> **Task instructions**
Look through the data below for the line with "Constant4 : Constant", and transcribe it exactly together with each line after it up to and including the line with "La_DVR2 : powerlib/Elements/Series". Give nothing else.

::: Input for this task :::

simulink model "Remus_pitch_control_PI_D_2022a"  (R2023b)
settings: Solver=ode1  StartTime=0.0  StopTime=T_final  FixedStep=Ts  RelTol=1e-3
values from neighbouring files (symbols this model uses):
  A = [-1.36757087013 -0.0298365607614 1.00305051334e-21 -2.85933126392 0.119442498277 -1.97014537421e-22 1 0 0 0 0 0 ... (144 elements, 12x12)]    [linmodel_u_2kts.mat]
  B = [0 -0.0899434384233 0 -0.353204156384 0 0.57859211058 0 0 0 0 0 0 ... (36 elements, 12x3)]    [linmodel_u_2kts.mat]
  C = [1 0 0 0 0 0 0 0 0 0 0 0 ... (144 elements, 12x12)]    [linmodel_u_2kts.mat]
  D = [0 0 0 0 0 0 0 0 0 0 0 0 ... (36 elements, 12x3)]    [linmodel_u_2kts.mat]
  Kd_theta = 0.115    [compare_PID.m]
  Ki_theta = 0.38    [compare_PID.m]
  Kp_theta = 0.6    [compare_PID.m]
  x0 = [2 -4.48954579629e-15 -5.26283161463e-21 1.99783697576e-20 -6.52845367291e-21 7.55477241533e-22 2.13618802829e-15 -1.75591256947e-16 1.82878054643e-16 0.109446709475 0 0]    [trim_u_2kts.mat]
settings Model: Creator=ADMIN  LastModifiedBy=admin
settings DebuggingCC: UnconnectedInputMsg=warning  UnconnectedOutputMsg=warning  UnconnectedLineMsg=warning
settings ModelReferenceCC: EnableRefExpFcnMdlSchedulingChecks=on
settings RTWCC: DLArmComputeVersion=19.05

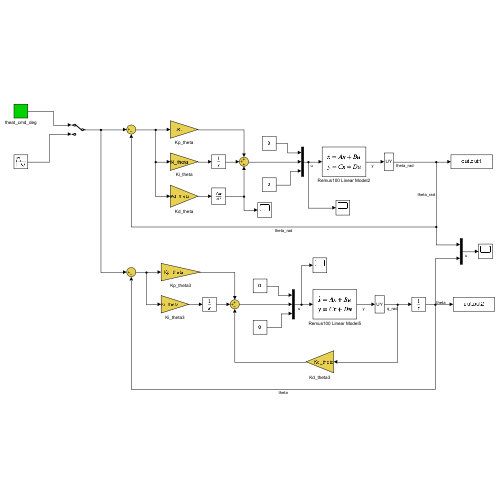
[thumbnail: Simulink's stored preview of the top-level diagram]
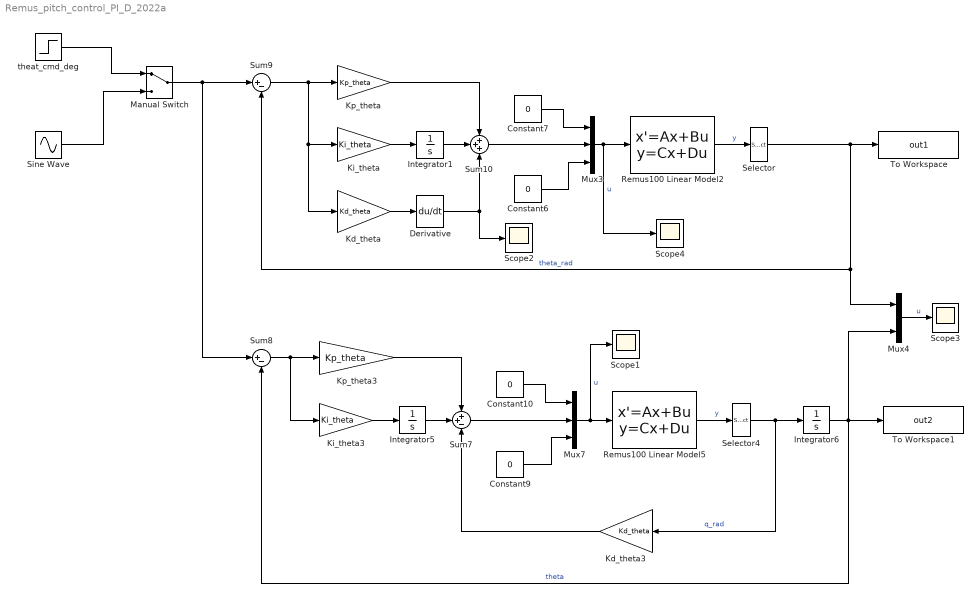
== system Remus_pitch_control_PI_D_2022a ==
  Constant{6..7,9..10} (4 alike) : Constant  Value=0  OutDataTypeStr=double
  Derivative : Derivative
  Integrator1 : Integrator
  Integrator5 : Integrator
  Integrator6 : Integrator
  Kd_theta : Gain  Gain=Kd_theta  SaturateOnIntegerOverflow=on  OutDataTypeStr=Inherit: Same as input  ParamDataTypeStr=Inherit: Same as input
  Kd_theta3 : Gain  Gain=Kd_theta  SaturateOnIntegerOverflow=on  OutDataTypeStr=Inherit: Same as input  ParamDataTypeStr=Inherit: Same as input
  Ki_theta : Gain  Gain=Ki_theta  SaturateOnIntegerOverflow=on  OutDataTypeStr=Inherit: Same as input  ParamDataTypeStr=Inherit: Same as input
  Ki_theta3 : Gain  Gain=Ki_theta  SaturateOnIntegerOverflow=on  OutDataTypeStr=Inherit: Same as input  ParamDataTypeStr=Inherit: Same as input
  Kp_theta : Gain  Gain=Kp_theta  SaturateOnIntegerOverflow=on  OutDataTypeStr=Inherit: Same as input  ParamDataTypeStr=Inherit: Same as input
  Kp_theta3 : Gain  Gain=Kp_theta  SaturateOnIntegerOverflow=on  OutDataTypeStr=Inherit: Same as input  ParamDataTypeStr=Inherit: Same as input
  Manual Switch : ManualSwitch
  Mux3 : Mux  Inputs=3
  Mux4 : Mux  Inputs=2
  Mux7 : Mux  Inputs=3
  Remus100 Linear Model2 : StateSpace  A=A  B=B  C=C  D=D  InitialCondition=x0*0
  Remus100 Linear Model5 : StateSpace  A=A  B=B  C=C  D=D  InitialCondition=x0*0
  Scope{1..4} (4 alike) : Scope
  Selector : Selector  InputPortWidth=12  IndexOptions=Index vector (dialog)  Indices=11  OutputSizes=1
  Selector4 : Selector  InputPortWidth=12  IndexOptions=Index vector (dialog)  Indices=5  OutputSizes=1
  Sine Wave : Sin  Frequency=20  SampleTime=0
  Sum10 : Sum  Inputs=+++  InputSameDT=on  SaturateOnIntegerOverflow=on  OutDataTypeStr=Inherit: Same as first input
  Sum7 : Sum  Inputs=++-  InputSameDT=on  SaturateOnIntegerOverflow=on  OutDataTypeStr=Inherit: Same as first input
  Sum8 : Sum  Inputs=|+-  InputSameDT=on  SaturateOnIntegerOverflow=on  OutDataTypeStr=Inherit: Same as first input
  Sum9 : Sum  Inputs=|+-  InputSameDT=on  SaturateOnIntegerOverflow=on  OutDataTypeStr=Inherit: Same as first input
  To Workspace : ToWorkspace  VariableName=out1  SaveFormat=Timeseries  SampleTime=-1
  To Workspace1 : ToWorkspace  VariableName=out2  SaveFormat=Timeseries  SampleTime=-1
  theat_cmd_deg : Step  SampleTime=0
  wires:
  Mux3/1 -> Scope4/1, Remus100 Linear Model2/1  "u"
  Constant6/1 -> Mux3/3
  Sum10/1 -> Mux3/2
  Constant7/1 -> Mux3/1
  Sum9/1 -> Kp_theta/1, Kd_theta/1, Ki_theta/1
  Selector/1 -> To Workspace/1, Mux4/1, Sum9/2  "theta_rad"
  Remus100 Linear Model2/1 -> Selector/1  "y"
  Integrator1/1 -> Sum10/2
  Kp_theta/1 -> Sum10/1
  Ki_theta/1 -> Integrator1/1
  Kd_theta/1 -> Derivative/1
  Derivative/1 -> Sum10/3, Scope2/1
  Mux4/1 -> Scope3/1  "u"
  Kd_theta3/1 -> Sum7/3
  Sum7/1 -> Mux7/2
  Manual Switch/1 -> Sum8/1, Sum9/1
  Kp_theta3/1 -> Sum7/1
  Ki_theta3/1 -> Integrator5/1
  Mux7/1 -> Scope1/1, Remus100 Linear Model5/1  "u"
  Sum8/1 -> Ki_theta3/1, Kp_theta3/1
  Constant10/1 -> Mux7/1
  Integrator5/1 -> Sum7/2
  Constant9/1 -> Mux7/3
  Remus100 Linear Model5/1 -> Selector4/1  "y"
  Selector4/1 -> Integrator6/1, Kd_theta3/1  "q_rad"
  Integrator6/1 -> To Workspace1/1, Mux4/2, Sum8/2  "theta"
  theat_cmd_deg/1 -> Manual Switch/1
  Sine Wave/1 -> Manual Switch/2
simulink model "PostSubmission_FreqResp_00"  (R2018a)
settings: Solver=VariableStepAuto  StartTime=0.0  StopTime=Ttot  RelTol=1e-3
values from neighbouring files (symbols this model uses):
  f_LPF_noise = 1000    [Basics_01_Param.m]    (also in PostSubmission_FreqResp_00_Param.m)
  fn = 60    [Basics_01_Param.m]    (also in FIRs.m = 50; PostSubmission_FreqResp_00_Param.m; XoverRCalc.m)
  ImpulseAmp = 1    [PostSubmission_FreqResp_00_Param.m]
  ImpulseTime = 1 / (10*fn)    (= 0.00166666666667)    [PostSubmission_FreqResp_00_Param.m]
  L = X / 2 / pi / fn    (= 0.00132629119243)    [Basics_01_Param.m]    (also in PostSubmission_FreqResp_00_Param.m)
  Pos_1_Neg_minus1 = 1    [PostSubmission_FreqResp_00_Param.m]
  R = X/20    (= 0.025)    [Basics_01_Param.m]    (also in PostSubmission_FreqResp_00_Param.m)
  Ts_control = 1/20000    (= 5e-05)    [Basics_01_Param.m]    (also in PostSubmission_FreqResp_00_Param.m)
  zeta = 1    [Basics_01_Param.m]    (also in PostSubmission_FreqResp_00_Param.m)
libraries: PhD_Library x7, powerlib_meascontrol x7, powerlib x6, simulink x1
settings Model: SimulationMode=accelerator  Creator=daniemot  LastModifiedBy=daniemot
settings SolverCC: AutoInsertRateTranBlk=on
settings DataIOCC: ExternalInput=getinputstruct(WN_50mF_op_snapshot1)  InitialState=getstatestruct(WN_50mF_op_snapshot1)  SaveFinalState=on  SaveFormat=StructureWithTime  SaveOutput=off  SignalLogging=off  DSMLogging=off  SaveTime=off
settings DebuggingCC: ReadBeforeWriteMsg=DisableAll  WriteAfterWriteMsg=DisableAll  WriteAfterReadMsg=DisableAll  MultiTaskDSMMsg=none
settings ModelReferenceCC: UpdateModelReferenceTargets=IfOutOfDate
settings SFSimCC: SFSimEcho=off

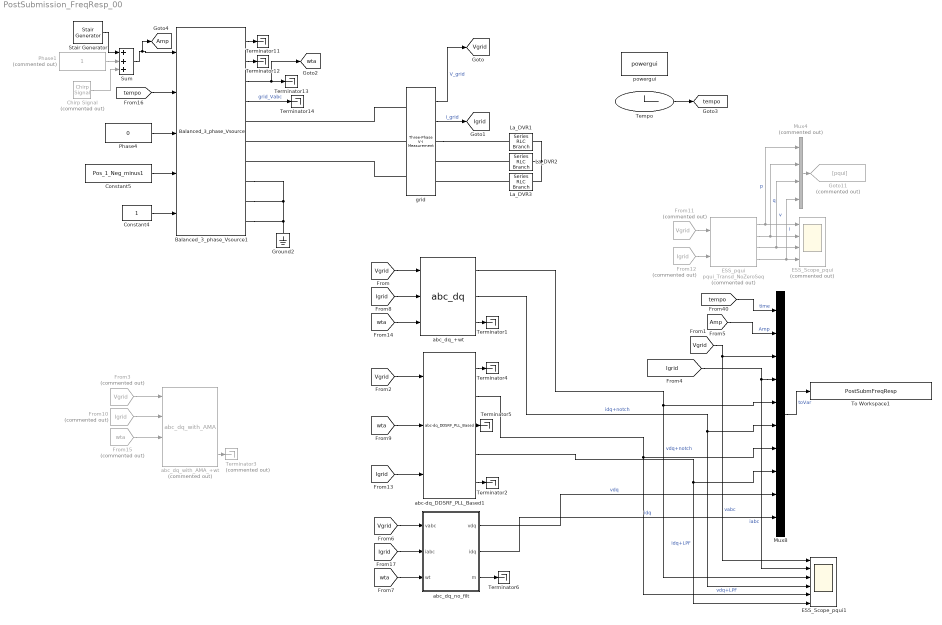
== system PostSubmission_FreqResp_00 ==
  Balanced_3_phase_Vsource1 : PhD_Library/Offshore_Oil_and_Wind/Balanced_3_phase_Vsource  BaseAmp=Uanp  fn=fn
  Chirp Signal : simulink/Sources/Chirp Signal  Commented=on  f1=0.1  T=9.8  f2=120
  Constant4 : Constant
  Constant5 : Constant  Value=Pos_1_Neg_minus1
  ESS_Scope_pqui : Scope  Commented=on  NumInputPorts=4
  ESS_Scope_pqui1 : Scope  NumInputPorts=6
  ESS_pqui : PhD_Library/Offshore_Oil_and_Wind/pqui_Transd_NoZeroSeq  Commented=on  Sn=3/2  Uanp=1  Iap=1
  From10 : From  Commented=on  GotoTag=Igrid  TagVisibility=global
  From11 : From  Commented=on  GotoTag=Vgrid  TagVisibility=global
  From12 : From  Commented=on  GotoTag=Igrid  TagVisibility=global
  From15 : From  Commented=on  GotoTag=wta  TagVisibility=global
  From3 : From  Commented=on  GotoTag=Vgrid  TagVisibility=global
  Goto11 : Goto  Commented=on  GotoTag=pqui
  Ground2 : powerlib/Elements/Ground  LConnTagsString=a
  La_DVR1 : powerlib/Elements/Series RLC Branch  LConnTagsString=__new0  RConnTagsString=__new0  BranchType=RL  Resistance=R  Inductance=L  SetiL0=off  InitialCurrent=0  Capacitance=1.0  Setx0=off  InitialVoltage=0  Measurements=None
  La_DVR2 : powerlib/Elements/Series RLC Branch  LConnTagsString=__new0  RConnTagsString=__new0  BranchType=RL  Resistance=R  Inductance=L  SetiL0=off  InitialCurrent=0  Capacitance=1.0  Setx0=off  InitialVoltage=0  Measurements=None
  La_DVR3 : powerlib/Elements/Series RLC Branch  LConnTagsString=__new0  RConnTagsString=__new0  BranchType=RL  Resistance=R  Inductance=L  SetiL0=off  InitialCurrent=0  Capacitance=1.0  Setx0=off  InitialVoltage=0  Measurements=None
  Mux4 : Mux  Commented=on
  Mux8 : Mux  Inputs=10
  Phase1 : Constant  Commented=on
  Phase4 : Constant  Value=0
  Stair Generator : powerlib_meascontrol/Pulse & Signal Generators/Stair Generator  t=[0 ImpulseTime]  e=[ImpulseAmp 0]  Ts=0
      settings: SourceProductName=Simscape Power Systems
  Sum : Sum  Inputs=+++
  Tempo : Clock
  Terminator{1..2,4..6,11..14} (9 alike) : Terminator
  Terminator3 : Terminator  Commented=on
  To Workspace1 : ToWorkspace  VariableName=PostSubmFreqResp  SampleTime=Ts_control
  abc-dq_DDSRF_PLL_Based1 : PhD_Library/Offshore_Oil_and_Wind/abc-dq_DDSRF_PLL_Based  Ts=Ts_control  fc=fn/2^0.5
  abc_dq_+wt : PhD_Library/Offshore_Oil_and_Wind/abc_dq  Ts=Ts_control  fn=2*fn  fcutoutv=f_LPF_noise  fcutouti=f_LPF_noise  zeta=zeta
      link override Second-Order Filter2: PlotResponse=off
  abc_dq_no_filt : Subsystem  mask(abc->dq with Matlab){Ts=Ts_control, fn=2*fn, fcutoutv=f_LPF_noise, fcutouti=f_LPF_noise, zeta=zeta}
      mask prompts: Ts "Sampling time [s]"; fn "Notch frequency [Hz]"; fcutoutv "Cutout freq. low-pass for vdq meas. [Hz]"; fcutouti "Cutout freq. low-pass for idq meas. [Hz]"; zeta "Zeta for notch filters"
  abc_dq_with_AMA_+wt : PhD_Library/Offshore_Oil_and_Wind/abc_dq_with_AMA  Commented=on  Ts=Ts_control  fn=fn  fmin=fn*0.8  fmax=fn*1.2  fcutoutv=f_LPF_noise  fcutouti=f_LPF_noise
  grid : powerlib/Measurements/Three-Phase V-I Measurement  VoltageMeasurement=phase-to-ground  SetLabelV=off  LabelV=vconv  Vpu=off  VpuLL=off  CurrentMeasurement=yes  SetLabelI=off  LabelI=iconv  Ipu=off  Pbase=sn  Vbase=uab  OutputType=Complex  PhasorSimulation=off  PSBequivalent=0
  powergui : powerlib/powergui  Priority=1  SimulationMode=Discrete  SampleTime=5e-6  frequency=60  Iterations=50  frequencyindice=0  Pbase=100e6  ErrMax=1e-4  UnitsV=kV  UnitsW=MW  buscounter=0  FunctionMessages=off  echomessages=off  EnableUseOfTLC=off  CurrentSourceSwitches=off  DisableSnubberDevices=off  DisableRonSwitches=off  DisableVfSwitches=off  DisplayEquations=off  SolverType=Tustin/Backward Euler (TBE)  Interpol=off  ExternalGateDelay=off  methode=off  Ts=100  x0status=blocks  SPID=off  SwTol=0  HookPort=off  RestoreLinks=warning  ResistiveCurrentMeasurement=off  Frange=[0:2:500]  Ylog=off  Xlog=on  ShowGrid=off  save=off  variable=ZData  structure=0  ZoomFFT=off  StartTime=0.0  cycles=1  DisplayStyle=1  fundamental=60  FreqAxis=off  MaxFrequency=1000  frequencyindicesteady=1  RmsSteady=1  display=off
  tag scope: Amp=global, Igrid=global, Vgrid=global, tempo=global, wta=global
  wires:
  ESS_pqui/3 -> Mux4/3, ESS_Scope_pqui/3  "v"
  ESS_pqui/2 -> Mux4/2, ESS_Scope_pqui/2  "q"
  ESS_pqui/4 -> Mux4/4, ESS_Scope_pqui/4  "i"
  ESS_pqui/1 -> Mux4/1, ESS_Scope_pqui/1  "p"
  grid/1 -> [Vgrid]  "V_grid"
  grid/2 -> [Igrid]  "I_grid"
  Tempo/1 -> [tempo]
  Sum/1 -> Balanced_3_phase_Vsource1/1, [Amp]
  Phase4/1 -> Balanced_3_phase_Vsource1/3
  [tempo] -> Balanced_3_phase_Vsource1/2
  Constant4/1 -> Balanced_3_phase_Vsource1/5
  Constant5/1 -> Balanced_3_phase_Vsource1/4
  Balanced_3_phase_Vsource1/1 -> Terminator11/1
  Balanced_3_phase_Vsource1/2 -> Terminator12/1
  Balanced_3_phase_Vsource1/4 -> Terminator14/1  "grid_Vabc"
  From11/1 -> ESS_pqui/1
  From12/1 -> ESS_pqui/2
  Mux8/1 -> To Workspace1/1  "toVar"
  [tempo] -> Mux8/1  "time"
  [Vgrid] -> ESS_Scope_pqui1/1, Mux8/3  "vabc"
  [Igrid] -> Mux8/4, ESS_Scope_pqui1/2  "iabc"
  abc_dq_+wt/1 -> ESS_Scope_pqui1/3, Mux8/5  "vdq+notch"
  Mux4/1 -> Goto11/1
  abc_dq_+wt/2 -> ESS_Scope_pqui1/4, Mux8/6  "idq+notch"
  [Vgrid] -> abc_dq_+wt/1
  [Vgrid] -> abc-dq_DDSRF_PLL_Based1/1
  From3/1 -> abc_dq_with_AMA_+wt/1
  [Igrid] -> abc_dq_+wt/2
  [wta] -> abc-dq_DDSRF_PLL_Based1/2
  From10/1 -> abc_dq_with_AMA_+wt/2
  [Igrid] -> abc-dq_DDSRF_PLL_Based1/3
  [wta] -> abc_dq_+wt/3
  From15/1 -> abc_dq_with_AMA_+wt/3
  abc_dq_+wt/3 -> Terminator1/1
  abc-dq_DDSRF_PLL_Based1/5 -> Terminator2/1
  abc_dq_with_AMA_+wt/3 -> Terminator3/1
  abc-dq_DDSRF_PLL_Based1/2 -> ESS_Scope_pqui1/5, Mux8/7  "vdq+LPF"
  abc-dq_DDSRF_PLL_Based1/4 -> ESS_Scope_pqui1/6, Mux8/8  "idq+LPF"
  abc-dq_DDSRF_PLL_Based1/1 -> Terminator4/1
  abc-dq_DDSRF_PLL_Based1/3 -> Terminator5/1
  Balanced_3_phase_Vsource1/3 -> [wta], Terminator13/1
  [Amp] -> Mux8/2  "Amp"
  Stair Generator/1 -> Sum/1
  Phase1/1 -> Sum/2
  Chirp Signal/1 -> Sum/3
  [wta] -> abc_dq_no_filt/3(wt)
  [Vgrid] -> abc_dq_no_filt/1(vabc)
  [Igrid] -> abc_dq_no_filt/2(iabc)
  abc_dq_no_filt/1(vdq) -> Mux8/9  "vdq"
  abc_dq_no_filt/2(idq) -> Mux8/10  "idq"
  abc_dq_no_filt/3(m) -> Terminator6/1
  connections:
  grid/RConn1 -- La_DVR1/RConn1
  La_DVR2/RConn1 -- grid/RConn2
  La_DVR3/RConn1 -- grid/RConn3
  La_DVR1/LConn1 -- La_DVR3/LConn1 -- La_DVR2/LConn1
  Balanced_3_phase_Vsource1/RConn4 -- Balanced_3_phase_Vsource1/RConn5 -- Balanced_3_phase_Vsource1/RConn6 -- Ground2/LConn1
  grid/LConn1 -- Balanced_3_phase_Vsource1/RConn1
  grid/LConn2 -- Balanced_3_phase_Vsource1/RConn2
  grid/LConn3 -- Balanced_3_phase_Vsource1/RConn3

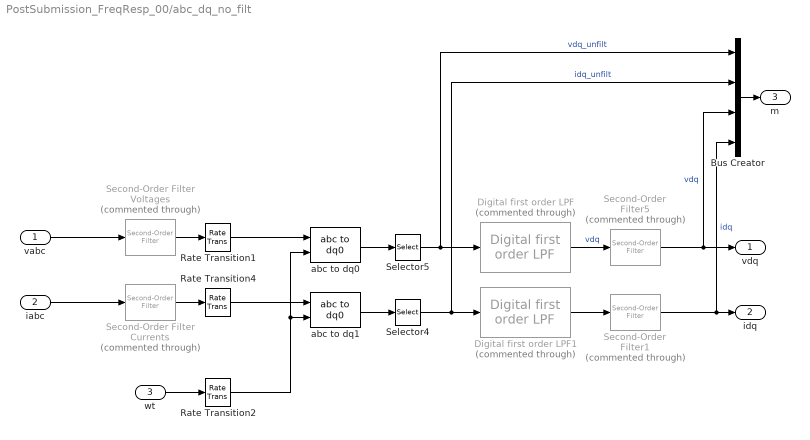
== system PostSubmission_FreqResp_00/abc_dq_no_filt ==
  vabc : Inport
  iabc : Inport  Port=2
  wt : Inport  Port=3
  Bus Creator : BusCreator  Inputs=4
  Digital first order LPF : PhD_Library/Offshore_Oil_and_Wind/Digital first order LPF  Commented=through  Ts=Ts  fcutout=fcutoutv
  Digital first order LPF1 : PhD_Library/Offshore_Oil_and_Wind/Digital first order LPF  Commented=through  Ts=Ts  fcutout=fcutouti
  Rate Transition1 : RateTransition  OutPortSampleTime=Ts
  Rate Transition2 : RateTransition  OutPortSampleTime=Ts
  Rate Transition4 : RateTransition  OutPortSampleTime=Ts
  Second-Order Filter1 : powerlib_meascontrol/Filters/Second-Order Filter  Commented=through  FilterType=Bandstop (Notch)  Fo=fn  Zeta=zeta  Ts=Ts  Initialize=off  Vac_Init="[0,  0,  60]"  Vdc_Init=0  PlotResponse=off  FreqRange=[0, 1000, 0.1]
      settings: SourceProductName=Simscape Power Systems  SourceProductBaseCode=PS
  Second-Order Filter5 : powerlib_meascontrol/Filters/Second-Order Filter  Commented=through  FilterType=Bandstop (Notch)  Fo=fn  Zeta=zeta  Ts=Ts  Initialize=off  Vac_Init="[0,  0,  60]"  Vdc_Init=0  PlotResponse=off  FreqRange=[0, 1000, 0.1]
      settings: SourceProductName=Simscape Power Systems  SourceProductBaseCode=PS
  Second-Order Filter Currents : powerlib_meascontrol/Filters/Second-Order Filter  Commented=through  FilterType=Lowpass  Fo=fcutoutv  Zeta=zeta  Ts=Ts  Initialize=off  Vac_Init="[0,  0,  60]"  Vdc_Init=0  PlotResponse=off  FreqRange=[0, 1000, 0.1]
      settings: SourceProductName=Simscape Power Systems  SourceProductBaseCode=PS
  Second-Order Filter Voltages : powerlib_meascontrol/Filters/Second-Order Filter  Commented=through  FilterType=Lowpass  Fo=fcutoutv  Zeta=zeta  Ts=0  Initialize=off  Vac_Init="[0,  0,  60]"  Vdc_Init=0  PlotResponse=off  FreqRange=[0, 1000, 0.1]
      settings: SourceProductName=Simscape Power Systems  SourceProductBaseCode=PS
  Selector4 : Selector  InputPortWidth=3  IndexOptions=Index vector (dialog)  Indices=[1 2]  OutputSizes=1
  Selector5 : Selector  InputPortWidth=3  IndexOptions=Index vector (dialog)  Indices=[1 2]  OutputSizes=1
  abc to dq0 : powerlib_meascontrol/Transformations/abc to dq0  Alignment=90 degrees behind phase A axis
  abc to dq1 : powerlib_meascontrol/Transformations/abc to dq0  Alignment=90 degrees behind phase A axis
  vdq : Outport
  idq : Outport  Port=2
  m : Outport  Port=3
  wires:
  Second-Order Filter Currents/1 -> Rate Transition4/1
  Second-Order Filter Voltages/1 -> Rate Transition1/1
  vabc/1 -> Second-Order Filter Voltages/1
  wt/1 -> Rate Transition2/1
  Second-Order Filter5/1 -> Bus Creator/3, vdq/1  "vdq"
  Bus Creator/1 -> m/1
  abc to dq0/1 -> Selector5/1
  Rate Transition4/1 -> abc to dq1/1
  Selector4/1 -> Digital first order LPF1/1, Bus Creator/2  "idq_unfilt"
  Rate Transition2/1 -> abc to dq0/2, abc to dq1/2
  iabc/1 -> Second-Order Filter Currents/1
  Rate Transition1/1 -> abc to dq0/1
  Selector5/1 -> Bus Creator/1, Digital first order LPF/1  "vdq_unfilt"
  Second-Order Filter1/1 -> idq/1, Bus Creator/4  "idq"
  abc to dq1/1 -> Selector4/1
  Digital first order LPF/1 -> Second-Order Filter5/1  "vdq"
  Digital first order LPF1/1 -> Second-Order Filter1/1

:::

> **Problem solution**
  Constant4 : Constant
  Constant5 : Constant  Value=Pos_1_Neg_minus1
  ESS_Scope_pqui : Scope  Commented=on  NumInputPorts=4
  ESS_Scope_pqui1 : Scope  NumInputPorts=6
  ESS_pqui : PhD_Library/Offshore_Oil_and_Wind/pqui_Transd_NoZeroSeq  Commented=on  Sn=3/2  Uanp=1  Iap=1
  From10 : From  Commented=on  GotoTag=Igrid  TagVisibility=global
  From11 : From  Commented=on  GotoTag=Vgrid  TagVisibility=global
  From12 : From  Commented=on  GotoTag=Igrid  TagVisibility=global
  From15 : From  Commented=on  GotoTag=wta  TagVisibility=global
  From3 : From  Commented=on  GotoTag=Vgrid  TagVisibility=global
  Goto11 : Goto  Commented=on  GotoTag=pqui
  Ground2 : powerlib/Elements/Ground  LConnTagsString=a
  La_DVR1 : powerlib/Elements/Series RLC Branch  LConnTagsString=__new0  RConnTagsString=__new0  BranchType=RL  Resistance=R  Inductance=L  SetiL0=off  InitialCurrent=0  Capacitance=1.0  Setx0=off  InitialVoltage=0  Measurements=None
  La_DVR2 : powerlib/Elements/Series RLC Branch  LConnTagsString=__new0  RConnTagsString=__new0  BranchType=RL  Resistance=R  Inductance=L  SetiL0=off  InitialCurrent=0  Capacitance=1.0  Setx0=off  InitialVoltage=0  Measurements=None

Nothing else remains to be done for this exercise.